4) We all know that Mike Piazza retired this week, two days shy of the 10th anniversary of his trade to the Mets, otherwise known as the Best Day Steve Phillips’ Career as GM.

I saw a column by Ray McNulty saying that Piazza should go into the Hall of Fame as a Dodger. I’m assuming that Verducci is preparing one saying Piazza should go in as a Yankee, "Because that’s the way Mike probably wants to be remembered." But then, he’s still distraught over the who bizarro Jeter thing.

To me, it’s a no-brainer. Of course he wears a Mets logo on his plaque. And the Mets should hastily arrange a "Mike Piazza Day" where they induct him into the Mets Hall of Fame and rise No. 31 to the outfield wall so he can forever be linked with Casey, Gil, Tom, and Jackie.

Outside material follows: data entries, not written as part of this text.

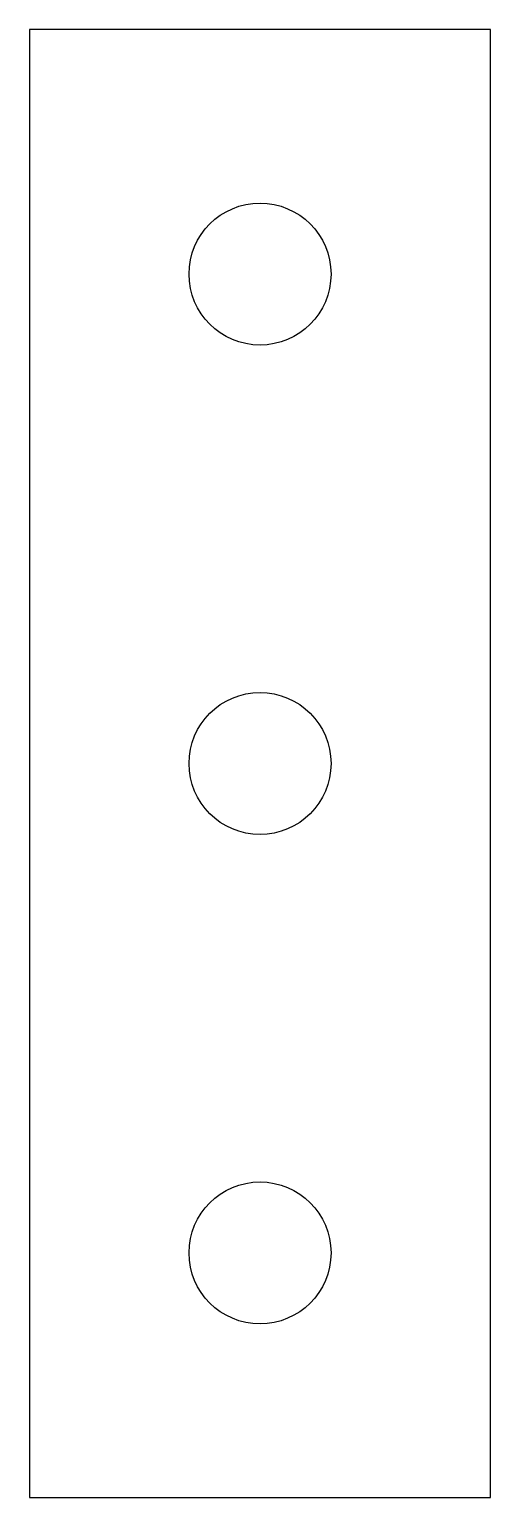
# Model space of a CAD drawing. Extents: x 1.5 to 17.7, y 5 to 56.7.
import ezdxf

# ---------------------------------------------------------------- set-up
doc = ezdxf.new("R2010")
doc.units = 0
doc.layers.add('MODELSKETCH_VISIBLE', color=7, linetype='CONTINUOUS')

msp = doc.modelspace()

# ---------------------------------------------------------------- linework, layer by layer
at = {"layer": 'MODELSKETCH_VISIBLE'}
for p, q in [((17.741, 56.723), (1.5, 56.723)), ((1.5, 56.723), (1.5, 5)), ((17.741, 5), (17.741, 56.723)), ((1.5, 5), (17.741, 5))]:
    msp.add_line(p, q, dxfattribs=at)
for centre in [(9.621, 48.103), (9.621, 30.862), (9.621, 13.621)]:
    msp.add_circle(centre, 2.5, dxfattribs=at)

doc.saveas('drawing.dxf')
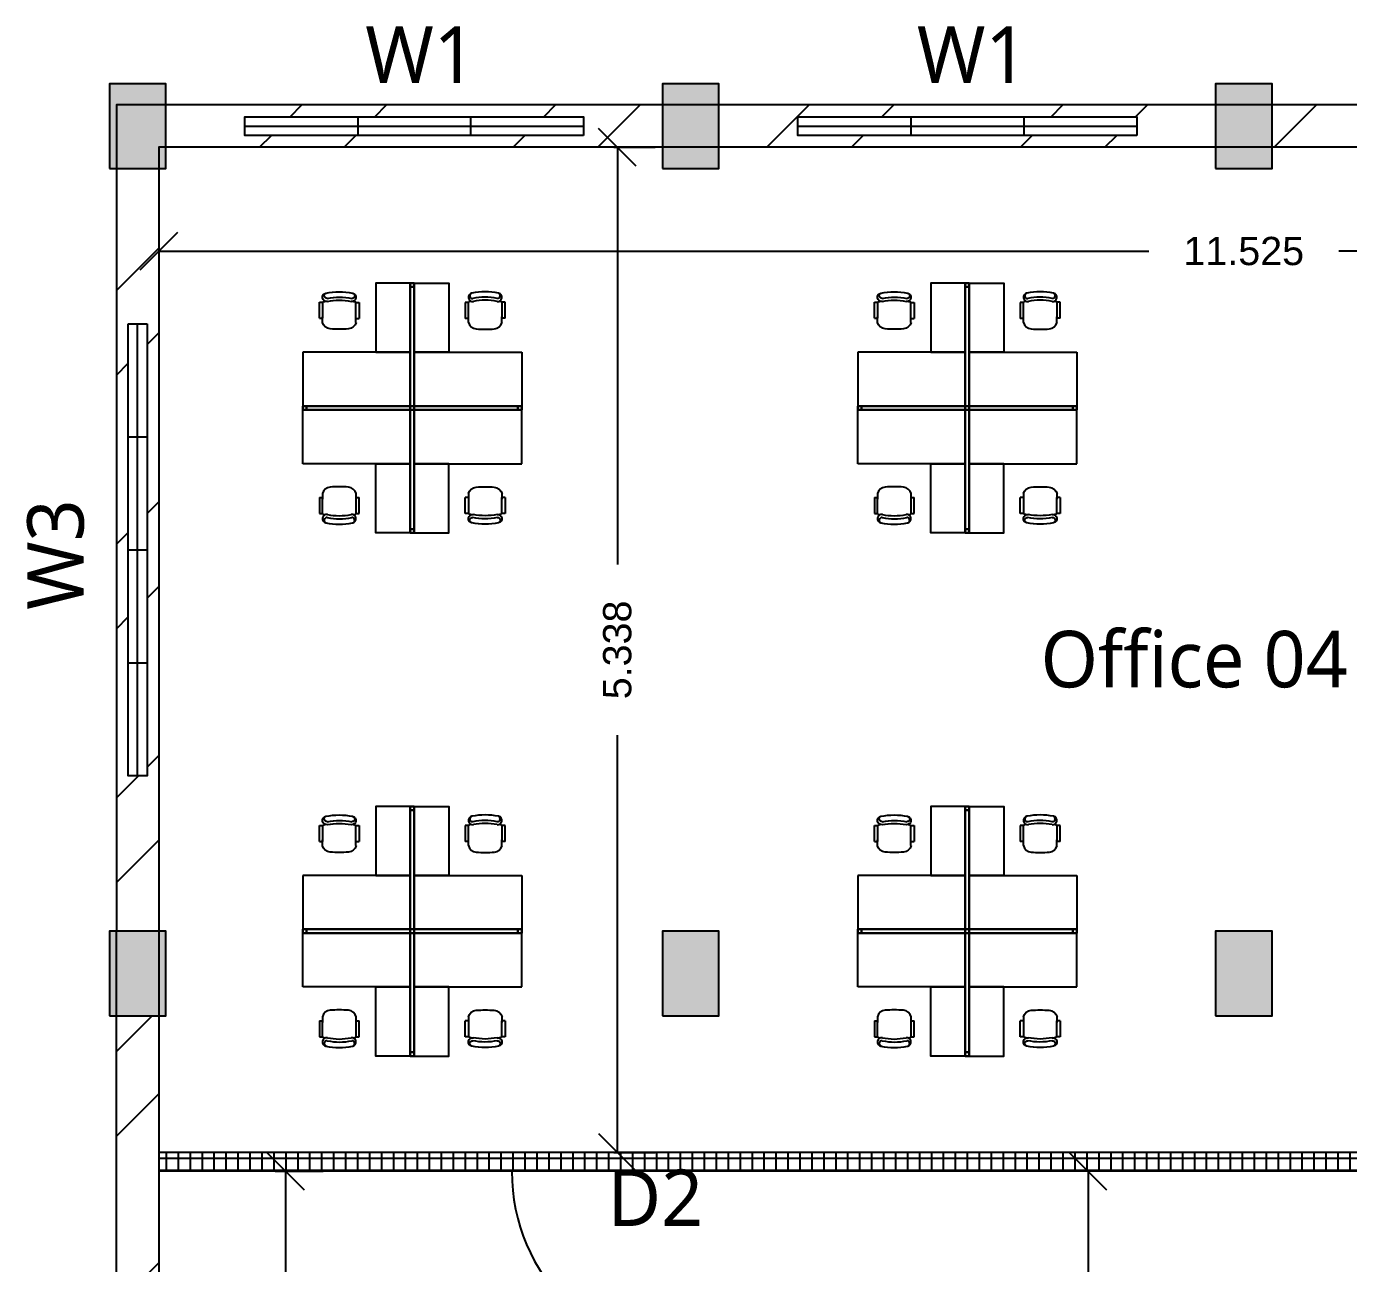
# Model space of a CAD drawing. Header units: millimetres. Extents: x 4123.3 to 4149.6, y 1802.2 to 1846.1.
# Drawn here: x 4123.99 to 4131.01, y 1839.56 to 1846.13 of the extents above; entities that cross this region are included whole.
import ezdxf

# ---------------------------------------------------------------- set-up
doc = ezdxf.new("R2010")
doc.units = ezdxf.units.MM
for name, color, linetype in [('Column hatch', 1, 'Continuous'), ('Doors', 90, 'Continuous'), ('Window', 50, 'Continuous')]:
    doc.layers.add(name, color=color, linetype=linetype)
doc.styles.add('Annotative', font='arial.ttf')
doc.dimstyles.new('Dim 2', dxfattribs={"dimtxt": 0.15, "dimasz": 0.2, "dimexe": 0.2, "dimexo": 0.2, "dimgap": 0.2, "dimtad": 0, "dimdec": 3, "dimdsep": 46, "dimtxsty": 'Annotative', "dimblk": 'OBLIQUE', "dimcen": 1, "dimadec": 0, "dimazin": 0, "dimtfac": 1, "dimtdec": 3, "dimtmove": 0, "dimatfit": 3, "dimfxl": 1, "dimarcsym": 0})
pattern_1 = [(45, (-7783.4231, -4078.2688), (-0.67351921, 0.67351921), []), (45, (-7782.9741, -4078.2688), (-0.67351921, 0.67351921), [])]

# ---------------------------------------------------------------- blocks, each defined once
blk = doc.blocks.new('CH3')
for p, q in [((-259, 349), (-259, 141)), ((-218, 349), (-259, 349)), ((-218, 142), (-218, 349)), ((259, 350), (218, 350)), ((218, 350), (218, 142)), ((259, 142), (259, 350)), ((-218, 89), (-218, 163)), ((218, 87), (218, 162))]:
    blk.add_line(p, q)
at = {"linetype": 'Continuous'}
for p, q in [((-218, 141), (-259, 141)), ((259, 142), (218, 142))]:
    blk.add_line(p, q, dxfattribs=at)
for centre, radius, start, end in [((-163, 416), 55.3, 99.8988, 279.7522), ((-166, 436), 35.2, 94.9128, 274.9128), ((0, -348), 836, 78.0899, 101.9101), ((-4, -349), 766, 78.0112, 101.9888), ((18, -535), 913, 91.1567, 100.8714), ((-18, -535), 913, 79.1286, 88.8433), ((163, 416), 55.3, 260.2478, 80.1012), ((159, 437), 36.2, 265.0872, 70.3213), ((-111, 115), 111, 193.2566, 265.9234), ((0, 1666), 1666, 265.9234, 274.0766), ((111, 115), 111, 274.0766, 345.8334)]:
    blk.add_arc(centre, radius, start, end, dxfattribs=at)
for centre, start, end in [((-181, 309), 90.7226, 132.8382), ((180, 309), 47.1618, 87.5717)]:
    blk.add_arc(centre, 54.9, start, end)
blk = doc.blocks.new('A$C2A483594')
for points in [[(950, 2350), (1400, 2350), (1400, 3250), (950, 3250)], [(1450, 3250), (1450, 3200), (1400, 3200), (1400, 3250)], [(1400, 3250), (1400, 3200), (1450, 3200), (1450, 3250)], [(1400, 3200), (1450, 3200), (1450, 1650), (1400, 1650)], [(1450, 3200), (1400, 3200), (1400, 1650), (1450, 1650)], [(1900, 2350), (1450, 2350), (1450, 3250), (1900, 3250)], [(0, 2350), (0, 1650), (1400, 1650), (1400, 2350)], [(2850, 2350), (2850, 1650), (1450, 1650), (1450, 2350)], [(0, 1600), (0, 1650), (50, 1650), (50, 1600)], [(0, 1650), (0, 1600), (50, 1600), (50, 1650)], [(0, 900), (0, 1600), (1400, 1600), (1400, 900)], [(50, 1600), (50, 1650), (1400, 1650), (1400, 1600)], [(50, 1650), (50, 1600), (1400, 1600), (1400, 1650)], [(1450, 1650), (1450, 1600), (1400, 1600), (1400, 1650)], [(1450, 1600), (1450, 1650), (1400, 1650), (1400, 1600)], [(1400, 1600), (1400, 1650), (1450, 1650), (1450, 1600)], [(1400, 1650), (1400, 1600), (1450, 1600), (1450, 1650)], [(1400, 50), (1450, 50), (1450, 1600), (1400, 1600)], [(1450, 50), (1400, 50), (1400, 1600), (1450, 1600)], [(2800, 1650), (2800, 1600), (1450, 1600), (1450, 1650)], [(2800, 1600), (2800, 1650), (1450, 1650), (1450, 1600)], [(2850, 900), (2850, 1600), (1450, 1600), (1450, 900)], [(2850, 1650), (2850, 1600), (2800, 1600), (2800, 1650)], [(2850, 1600), (2850, 1650), (2800, 1650), (2800, 1600)], [(950, 900), (1400, 900), (1400, 0), (950, 0)], [(1900, 900), (1450, 900), (1450, 0), (1900, 0)], [(1450, 0), (1450, 50), (1400, 50), (1400, 0)], [(1400, 0), (1400, 50), (1450, 50), (1450, 0)]]:
    blk.add_lwpolyline(points, close=True)
at = {"extrusion": (0, 0, -1), "zscale": -1}
blk.add_blockref('CH3', (-475, 2650), dxfattribs=at)
blk.add_blockref('CH3', (2375, 2650))
at = {"rotation": 180}
blk.add_blockref('CH3', (475, 600), dxfattribs=at)
at = {"extrusion": (0, 0, -1), "zscale": -1, "rotation": 180}
blk.add_blockref('CH3', (-2375, 600), dxfattribs=at)
blk = doc.blocks.new('_Oblique')
at = {"color": 0, "linetype": 'ByBlock', "lineweight": -2}
blk.add_line((-0.5, -0.5), (0.5, 0.5), dxfattribs=at)
blk = doc.blocks.new('*D84')
at = {"color": 0, "lineweight": -2, "transparency": 16777216}
for p, q in [((4125.3092, 1840.0514), (4125.5644, 1840.0514)), ((4125.3644, 1840.0514), (4125.3644, 1836.336)), ((4125.3644, 1831.7139), (4125.3644, 1835.4293)), ((4125.3092, 1831.7139), (4125.5644, 1831.7139))]:
    blk.add_line(p, q, dxfattribs=at)
at = {"layer": 'Defpoints', "color": 0, "transparency": 16777216}
for p in [(4125.1092, 1840.0514), (4125.3644, 1840.0514), (4125.1092, 1831.7139)]:
    blk.add_point(p, dxfattribs=at)
at = {"color": 0, "lineweight": -2, "transparency": 16777216, "xscale": 0.2, "yscale": 0.2, "zscale": 0.2}
for p, rotation in [((4125.3644, 1840.0514), 90), ((4125.3644, 1831.7139), 270)]:
    blk.add_blockref('_Oblique', p, dxfattribs=dict(at, rotation=rotation))
at = {"color": 0, "transparency": 16777216, "insert": (4125.3644, 1835.8826), "char_height": 0.15, "attachment_point": 5, "rotation": 90, "style": 'Annotative'}
blk.add_mtext('8.338', dxfattribs=at)
blk = doc.blocks.new('*D50')
at = {"color": 0, "lineweight": -2, "transparency": 16777216}
for p, q in [((4129.7311, 1840.0514), (4129.4265, 1840.0514)), ((4129.6265, 1840.0514), (4129.6265, 1838.9393)), ((4129.6265, 1837.1514), (4129.6265, 1838.2634)), ((4129.7311, 1837.1514), (4129.4265, 1837.1514))]:
    blk.add_line(p, q, dxfattribs=at)
at = {"layer": 'Defpoints', "color": 0, "transparency": 16777216}
for p in [(4129.6265, 1840.0514), (4129.9311, 1840.0514), (4129.9311, 1837.1514)]:
    blk.add_point(p, dxfattribs=at)
at = {"color": 0, "lineweight": -2, "transparency": 16777216, "xscale": 0.2, "yscale": 0.2, "zscale": 0.2}
for p, rotation in [((4129.6265, 1840.0514), 90), ((4129.6265, 1837.1514), 270)]:
    blk.add_blockref('_Oblique', p, dxfattribs=dict(at, rotation=rotation))
at = {"color": 0, "transparency": 16777216, "insert": (4129.6265, 1838.6014), "char_height": 0.15, "attachment_point": 5, "rotation": 90, "style": 'Annotative'}
blk.add_mtext('2.9', dxfattribs=at)
blk = doc.blocks.new('*D51')
at = {"color": 0, "lineweight": -2, "transparency": 16777216}
for p, q in [((4127.1082, 1845.4889), (4127.3265, 1845.4889)), ((4127.1265, 1845.4889), (4127.1265, 1843.2734)), ((4127.1265, 1840.1514), (4127.1265, 1842.3669)), ((4127.1082, 1840.1514), (4127.3265, 1840.1514))]:
    blk.add_line(p, q, dxfattribs=at)
at = {"layer": 'Defpoints', "color": 0, "transparency": 16777216}
for p in [(4126.9082, 1845.4889), (4127.1265, 1845.4889), (4126.9082, 1840.1514)]:
    blk.add_point(p, dxfattribs=at)
at = {"color": 0, "lineweight": -2, "transparency": 16777216, "xscale": 0.2, "yscale": 0.2, "zscale": 0.2}
for p, rotation in [((4127.1265, 1845.4889), 90), ((4127.1265, 1840.1514), 270)]:
    blk.add_blockref('_Oblique', p, dxfattribs=dict(at, rotation=rotation))
at = {"color": 0, "transparency": 16777216, "insert": (4127.1265, 1842.8201), "char_height": 0.15, "attachment_point": 5, "rotation": 90, "style": 'Annotative'}
blk.add_mtext('5.338', dxfattribs=at)
blk = doc.blocks.new('*D52')
at = {"color": 0, "lineweight": -2, "transparency": 16777216}
for p, q in [((4124.691, 1844.9631), (4124.691, 1844.7373)), ((4124.691, 1844.9373), (4129.9487, 1844.9373)), ((4136.216, 1844.9373), (4130.9584, 1844.9373)), ((4136.216, 1844.9631), (4136.216, 1844.7373))]:
    blk.add_line(p, q, dxfattribs=at)
at = {"layer": 'Defpoints', "color": 0, "transparency": 16777216}
for p in [(4124.691, 1845.1631), (4136.216, 1845.1631), (4136.216, 1844.9373)]:
    blk.add_point(p, dxfattribs=at)
at = {"color": 0, "lineweight": -2, "transparency": 16777216, "xscale": 0.2, "yscale": 0.2, "zscale": 0.2, "rotation": 180}
blk.add_blockref('_Oblique', (4124.691, 1844.9373), dxfattribs=at)
at = {"color": 0, "lineweight": -2, "transparency": 16777216, "xscale": 0.2, "yscale": 0.2, "zscale": 0.2}
blk.add_blockref('_Oblique', (4136.216, 1844.9373), dxfattribs=at)
at = {"color": 0, "transparency": 16777216, "insert": (4130.4535, 1844.9373), "char_height": 0.15, "attachment_point": 5, "style": 'Annotative'}
blk.add_mtext('11.525', dxfattribs=at)

msp = doc.modelspace()

# ---------------------------------------------------------------- hatches: boundary and pattern name
h = msp.add_hatch()
h.set_pattern_fill('ANSI32', color=256, scale=0.1)
h.set_pattern_definition(pattern_1)
h.paths.add_polyline_path([(4136.1785, 1845.7139), (4133.541, 1845.7139), (4133.541, 1845.4889), (4136.1785, 1845.4889)])
h.paths.add_polyline_path([(4135.7598, 1845.5514), (4133.9598, 1845.5514), (4133.9598, 1845.6514), (4135.7598, 1845.6514)], flags=16)
h.paths.add_polyline_path([(4133.241, 1845.7139), (4130.6035, 1845.7139), (4130.6035, 1845.4889), (4133.241, 1845.4889)])
h.paths.add_polyline_path([(4131.0223, 1845.6514), (4132.8223, 1845.6514), (4132.8223, 1845.5514), (4131.0223, 1845.5514)], flags=16)
h.paths.add_polyline_path([(4130.3035, 1845.7139), (4127.666, 1845.7139), (4127.666, 1845.4889), (4130.3035, 1845.4889)])
h.paths.add_polyline_path([(4129.8848, 1845.5514), (4128.0848, 1845.5514), (4128.0848, 1845.6514), (4129.8848, 1845.6514)], flags=16)
h.paths.add_polyline_path([(4127.366, 1845.7139), (4124.7285, 1845.7139), (4124.7285, 1845.4889), (4127.366, 1845.4889)])
h.paths.add_polyline_path([(4126.9473, 1845.5514), (4125.1473, 1845.5514), (4125.1473, 1845.6514), (4126.9473, 1845.6514)], flags=16)
h.paths.add_polyline_path([(4124.691, 1845.3764), (4124.466, 1845.3764), (4124.466, 1841.3264), (4124.691, 1841.3264)])
h.paths.add_polyline_path([(4124.6285, 1844.5514), (4124.6285, 1843.9514), (4124.6285, 1842.1514), (4124.5285, 1842.1514), (4124.5285, 1843.9514), (4124.5285, 1844.5514)], flags=16)
h.paths.add_polyline_path([(4136.441, 1840.8764), (4136.216, 1840.8764), (4136.216, 1840.0514), (4136.441, 1840.0514)])
h.paths.add_polyline_path([(4136.441, 1837.1514), (4136.216, 1837.1514), (4136.216, 1836.3264), (4136.441, 1836.3264)])
h = msp.add_hatch()
h.set_pattern_fill('NET', color=256, scale=0.02)
h.set_pattern_definition([(0, (-7783.42309, -4078.26881), (0, 0.0635), []), (90, (-7783.42309, -4078.26881), (-0.0635, 4e-18), [])])
h.paths.add_polyline_path([(4144.066, 1840.0564, -0.025047), (4143.966, 1840.0514), (4143.966, 1838.0514), (4147.966, 1838.0514), (4147.966, 1838.1514), (4144.066, 1838.1514)])
h.paths.add_polyline_path([(4144.991, 1841.1514), (4142.3535, 1841.1514), (4142.3535, 1841.0514), (4144.991, 1841.0514)])
h.paths.add_polyline_path([(4147.9285, 1841.1514), (4145.291, 1841.1514), (4145.291, 1841.0514), (4147.9285, 1841.0514)])
h.paths.add_polyline_path([(4142.0535, 1841.1514), (4140.4613, 1841.1514, -0.02385), (4140.466, 1841.0514), (4142.0535, 1841.0514)])
h.paths.add_polyline_path([(4145.0285, 1834.9701), (4143.716, 1834.9701), (4143.716, 1834.8701), (4145.0285, 1834.8701)])
h.paths.add_polyline_path([(4143.716, 1834.9701), (4143.616, 1834.9701), (4143.616, 1834.8701), (4143.716, 1834.8701)])
h.paths.add_polyline_path([(4143.716, 1835.2456, -0.033445), (4143.616, 1835.2389), (4143.616, 1834.9701), (4143.716, 1834.9701)])
h.paths.add_polyline_path([(4145.0285, 1833.9014), (4143.716, 1833.9014), (4143.716, 1833.8014), (4145.0285, 1833.8014)])
h.paths.add_polyline_path([(4143.716, 1833.9014), (4143.616, 1833.9014), (4143.616, 1833.8014), (4143.716, 1833.8014)])
h.paths.add_polyline_path([(4143.716, 1834.1268, -0.033445), (4143.616, 1834.1201), (4143.616, 1833.9014), (4143.716, 1833.9014)])
h.paths.add_polyline_path([(4143.716, 1833.0581, -0.033445), (4143.616, 1833.0514), (4143.616, 1832.8326), (4143.716, 1832.8326)])
h.paths.add_polyline_path([(4143.716, 1832.8326), (4143.616, 1832.8326), (4143.616, 1832.7326), (4143.716, 1832.7326)])
h.paths.add_polyline_path([(4145.0285, 1832.8326), (4143.716, 1832.8326), (4143.716, 1832.7326), (4145.0285, 1832.7326)])
h.paths.add_polyline_path([(4143.716, 1831.9893, -0.033445), (4143.616, 1831.9826), (4143.616, 1831.7139), (4143.716, 1831.7139)])
h.paths.add_polyline_path([(4146.6535, 1831.9893, -0.033445), (4146.5535, 1831.9826), (4146.5535, 1831.7139), (4146.6535, 1831.7139)])
h.paths.add_polyline_path([(4147.966, 1832.8326), (4146.6535, 1832.8326), (4146.6535, 1832.7326), (4147.966, 1832.7326)])
h.paths.add_polyline_path([(4146.6535, 1832.8326), (4146.5535, 1832.8326), (4146.5535, 1832.7326), (4146.6535, 1832.7326)])
h.paths.add_polyline_path([(4146.6535, 1833.0581, -0.033445), (4146.5535, 1833.0514), (4146.5535, 1832.8326), (4146.6535, 1832.8326)])
h.paths.add_polyline_path([(4147.966, 1833.9014), (4146.6535, 1833.9014), (4146.6535, 1833.8014), (4147.966, 1833.8014)])
h.paths.add_polyline_path([(4146.6535, 1833.9014), (4146.5535, 1833.9014), (4146.5535, 1833.8014), (4146.6535, 1833.8014)])
h.paths.add_polyline_path([(4146.6535, 1834.1268, -0.033445), (4146.5535, 1834.1201), (4146.5535, 1833.9014), (4146.6535, 1833.9014)])
h.paths.add_polyline_path([(4147.966, 1834.9701), (4146.6535, 1834.9701), (4146.6535, 1834.8701), (4147.966, 1834.8701)])
h.paths.add_polyline_path([(4146.6535, 1834.9701), (4146.5535, 1834.9701), (4146.5535, 1834.8701), (4146.6535, 1834.8701)])
h.paths.add_polyline_path([(4146.6535, 1835.2456, -0.033445), (4146.5535, 1835.2389), (4146.5535, 1834.9701), (4146.6535, 1834.9701)])
h.paths.add_polyline_path([(4133.441, 1835.8764), (4133.341, 1835.8764), (4133.341, 1831.8264), (4133.441, 1831.8264)])
h.paths.add_polyline_path([(4130.5035, 1835.8764), (4130.4035, 1835.8764), (4130.4035, 1831.8264), (4130.5035, 1831.8264)])
h.paths.add_polyline_path([(4127.5659, 1835.8764), (4127.4659, 1835.8764), (4127.4659, 1831.8264), (4127.5659, 1831.8264)])
h.paths.add_polyline_path([(4127.5659, 1839.0514), (4127.4659, 1839.0514), (4127.4659, 1836.3264), (4127.5659, 1836.3264)])
h.paths.add_polyline_path([(4132.3409, 1837.1514), (4128.716, 1837.1514), (4128.6159, 1837.1514), (4128.6159, 1837.0514), (4128.7113, 1837.0514), (4130.4035, 1837.0514), (4130.4035, 1836.3264), (4130.5035, 1836.3264), (4130.5035, 1837.0514), (4132.3456, 1837.0514, -0.02385)])
h.paths.add_polyline_path([(4133.441, 1837.0514), (4135.1333, 1837.0514, -0.02385), (4135.1285, 1837.1514), (4133.341, 1837.1514), (4133.341, 1836.3264), (4133.441, 1836.3264)])
h.paths.add_polyline_path([(4135.221, 1840.1514), (4124.691, 1840.1514), (4124.691, 1840.0514), (4135.216, 1840.0514, -0.025047)])
h = msp.add_hatch()
h.set_pattern_fill('ANSI32', color=256, scale=0.1)
h.set_pattern_definition(pattern_1)
h.paths.add_polyline_path([(4124.691, 1840.8764), (4124.466, 1840.8764), (4124.466, 1836.3264), (4124.691, 1836.3264)])
h.paths.add_polyline_path([(4124.6285, 1839.3889), (4124.6285, 1838.7889), (4124.6285, 1836.9889), (4124.5285, 1836.9889), (4124.5285, 1838.7889), (4124.5285, 1839.3889)], flags=16)
h.paths.add_polyline_path([(4124.691, 1835.8764), (4124.466, 1835.8764), (4124.466, 1831.8264), (4124.691, 1831.8264)])
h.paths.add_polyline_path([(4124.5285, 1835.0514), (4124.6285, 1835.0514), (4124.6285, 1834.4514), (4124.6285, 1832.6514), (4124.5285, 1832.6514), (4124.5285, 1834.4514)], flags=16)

5) This week’s hidden iPod gem almost didn’t even make it to the iPod. I bought a 45 of "Starry Eyes" by The Records back in 1979 and always thought it was a great song. It’s British power pop at its finest, though I can’t figure out what’s going on in the lyrics. It almost sounds like they’re singing about a bandmate who is too busy goofing off at the beach when the rest of them are taking care of business. Doesn’t matter, the song is fun and the chorus sticks in your head. And it remained in my head when I moved on to the CD era and couldn’t find the song anywhere. Then one day I was flipping through the discs in the Grand Rapids Public Library, and came across a compilation called "Poptopia" and saw some off-beat selections like Bram Tchaikovsky’s "Girl of My Dreams." Then I started doing the trademarked "Yes-Yes" dance when I saw that track 11 was the lost-lost "Starry Eyes." Enjoy.